# [LeetCode] 433. Minimum Genetic Mutation

A gene string can be represented by an 8-character long string, with choices from `"A"`

, `"C"`

, `"G"`

, `"T"`

.

Suppose we need to investigate about a mutation (mutation from “start” to “end”), where ONE mutation is defined as ONE single character changed in the gene string.

For example, `"AACCGGTT"`

-> `"AACCGGTA"`

is 1 mutation.

Also, there is a given gene “bank”, which records all the valid gene mutations.

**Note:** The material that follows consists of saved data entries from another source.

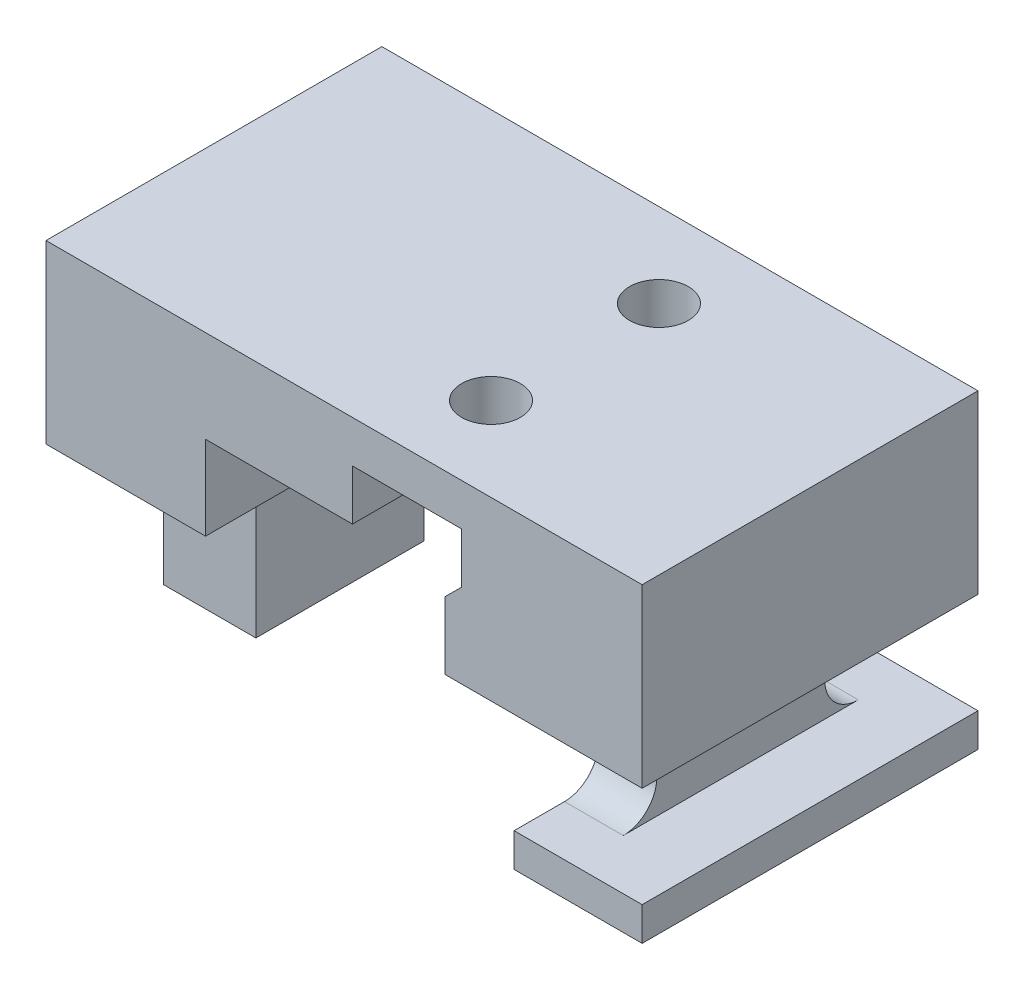
from build123d import *

# Parameters (mm, degrees)
BOSS_EXTRUDE1_DEPTH = 20
SKETCH2_R           = 1.75
CUT_EXTRUDE1_DEPTH  = 3.5
SKETCH4_W           = 5.5
SKETCH4_H           = 10
BOSS_EXTRUDE2_DEPTH = 8.75
SKETCH5_R           = 0.875
CUT_EXTRUDE2_DEPTH  = 10
SKETCH6_W           = 3.5
SKETCH6_H           = 6
BOSS_EXTRUDE3_DEPTH = 5
FILLET1_R           = 1
SKETCH8_W           = 6.5
SKETCH8_H           = 3
CUT_EXTRUDE3_DEPTH  = 30
CHAMFER1_SIZE       = 1
SKETCH10_W          = 2
SKETCH10_H          = 10.5
BOSS_EXTRUDE5_DEPTH = 20
SKETCH11_W          = 2
SKETCH11_H          = 20
BOSS_EXTRUDE6_DEPTH = 5
SKETCH12_W          = 7.625
SKETCH12_H          = 20
BOSS_EXTRUDE7_DEPTH = 2
FILLET2_R           = 2


with BuildPart() as part:
    # Sketch1 → Boss-Extrude1 (new body)
    with BuildSketch(Plane.XY):
        Polygon((-16.75, 0), (16.75, 0), (16.75, -10.5), (5, -10.5), (5, -5.5), (5, -3.5), (0.5, -3.5), (0.5, -5.5), (-11.25, -5.5), (-11.25, -10.5), (-16.75, -10.5), align=None)
    extrude(amount=BOSS_EXTRUDE1_DEPTH)

    # Sketch2 → Cut-Extrude1 (cut)
    with BuildSketch(Plane.XZ.offset(3.5)):
        with Locations((2.75, 15)):
            Circle(SKETCH2_R)
        with Locations((2.75, 5)):
            Circle(SKETCH2_R)
    extrude(amount=-CUT_EXTRUDE1_DEPTH, mode=Mode.SUBTRACT)

    # Sketch4 → Boss-Extrude2 (add)
    with BuildSketch(Plane.XZ.offset(10.5)):
        with Locations((-14, 10)):
            Rectangle(SKETCH4_W, SKETCH4_H)
    extrude(amount=BOSS_EXTRUDE2_DEPTH)

    # Sketch5 → Cut-Extrude2 (cut)
    with BuildSketch(Plane.XZ.offset(19.25)):
        with Locations((-14, 10)):
            Circle(SKETCH5_R)
    extrude(amount=-CUT_EXTRUDE2_DEPTH, mode=Mode.SUBTRACT)

    # Sketch6 → Boss-Extrude3 (add, symmetric)
    with BuildSketch(Plane.XY.offset(10)):
        with Locations((10.875, -13.5)):
            Rectangle(SKETCH6_W, SKETCH6_H)
    extrude(amount=BOSS_EXTRUDE3_DEPTH, both=True)

    # Fillet1
    fillet1_edges = [part.edges().sort_by_distance(p)[0] for p in [
        (-14, -10.5, 5),
        (-14, -10.5, 15),
        (10.875, -10.5, 5),
        (10.875, -10.5, 15),
    ]]
    fillet(fillet1_edges, radius=FILLET1_R)

    # Sketch8 → Cut-Extrude3 (cut)
    with BuildSketch(Plane.XY.offset(20)):
        with Locations((2.75, -4)):
            Rectangle(SKETCH8_W, SKETCH8_H)
    extrude(amount=-CUT_EXTRUDE3_DEPTH, mode=Mode.SUBTRACT)

    # Chamfer1
    chamfer1_edges = [part.edges().sort_by_distance(p)[0] for p in [
        (5, -5.5, 10),
    ]]
    chamfer(chamfer1_edges, length=CHAMFER1_SIZE - 0.0001)  # a hair under: the kernel refuses the full size

    # Sketch10 → Boss-Extrude5 (add)
    with BuildSketch(Plane.XY.offset(20)):
        with Locations((-17.75, -5.25)):
            Rectangle(SKETCH10_W, SKETCH10_H)
    extrude(amount=-BOSS_EXTRUDE5_DEPTH)

    # Sketch11 → Boss-Extrude6 (add)
    with BuildSketch(Plane.XZ.offset(10.5)):
        with Locations((-10.25, 10)):
            Rectangle(SKETCH11_W, SKETCH11_H)
    extrude(amount=-BOSS_EXTRUDE6_DEPTH)

    # Sketch12 → Boss-Extrude7 (add)
    with BuildSketch(Plane.XZ.offset(16.5)):
        with Locations((12.9375, 10)):
            Rectangle(SKETCH12_W, SKETCH12_H)
    extrude(amount=BOSS_EXTRUDE7_DEPTH)

    # Fillet2
    fillet2_edges = [part.edges().sort_by_distance(p)[0] for p in [
        (10.875, -16.5, 5),
        (10.875, -16.5, 15),
    ]]
    fillet(fillet2_edges, radius=FILLET2_R)


solid = part.part

A gene must be in the bank to make it a valid gene string.

Now, given 3 things — start, end, bank, your task is to determine what is the minimum number of mutations needed to mutate from “start” to “end”. If there is no such a mutation, return -1.

**Note:**

- Starting point is assumed to be valid, so it might not be included in the bank.
- If multiple mutations are needed, all mutations during in the sequence must be valid.
- You may assume start and end string is not the same.

**Example 1:**

start: "AACCGGTT"

end: "AACCGGTA"

bank: ["AACCGGTA"]

return: 1

**Example 2:**

start: "AACCGGTT"

end: "AAACGGTA"

bank: ["AACCGGTA", "AACCGCTA", "AAACGGTA"]

return: 2

**Example 3:**

start: "AAAAACCC"

end: "AACCCCCC"

bank: ["AAAACCCC", "AAACCCCC", "AACCCCCC"]

return: 3

**<Solution>**

We can use BFS (Breadth-First Search) to solve this problem.

The search sequence of BFS is 「initial state -> all the states which need only one move -> all the states which need only two moves -> … -> the final state」

We will use queue in the BFS algorithm to store every state need to be checked. The state which is closer to initial state will be check early because the FIFO property of queue. Therefore, we can use BFS to find the shortest path or min steps.

For this question, start form initial state and check every string in the bank array. If a string is different by only one character, then put it into queue and mark the string as used. If we can find a string which is equal to target string, then we find the min steps.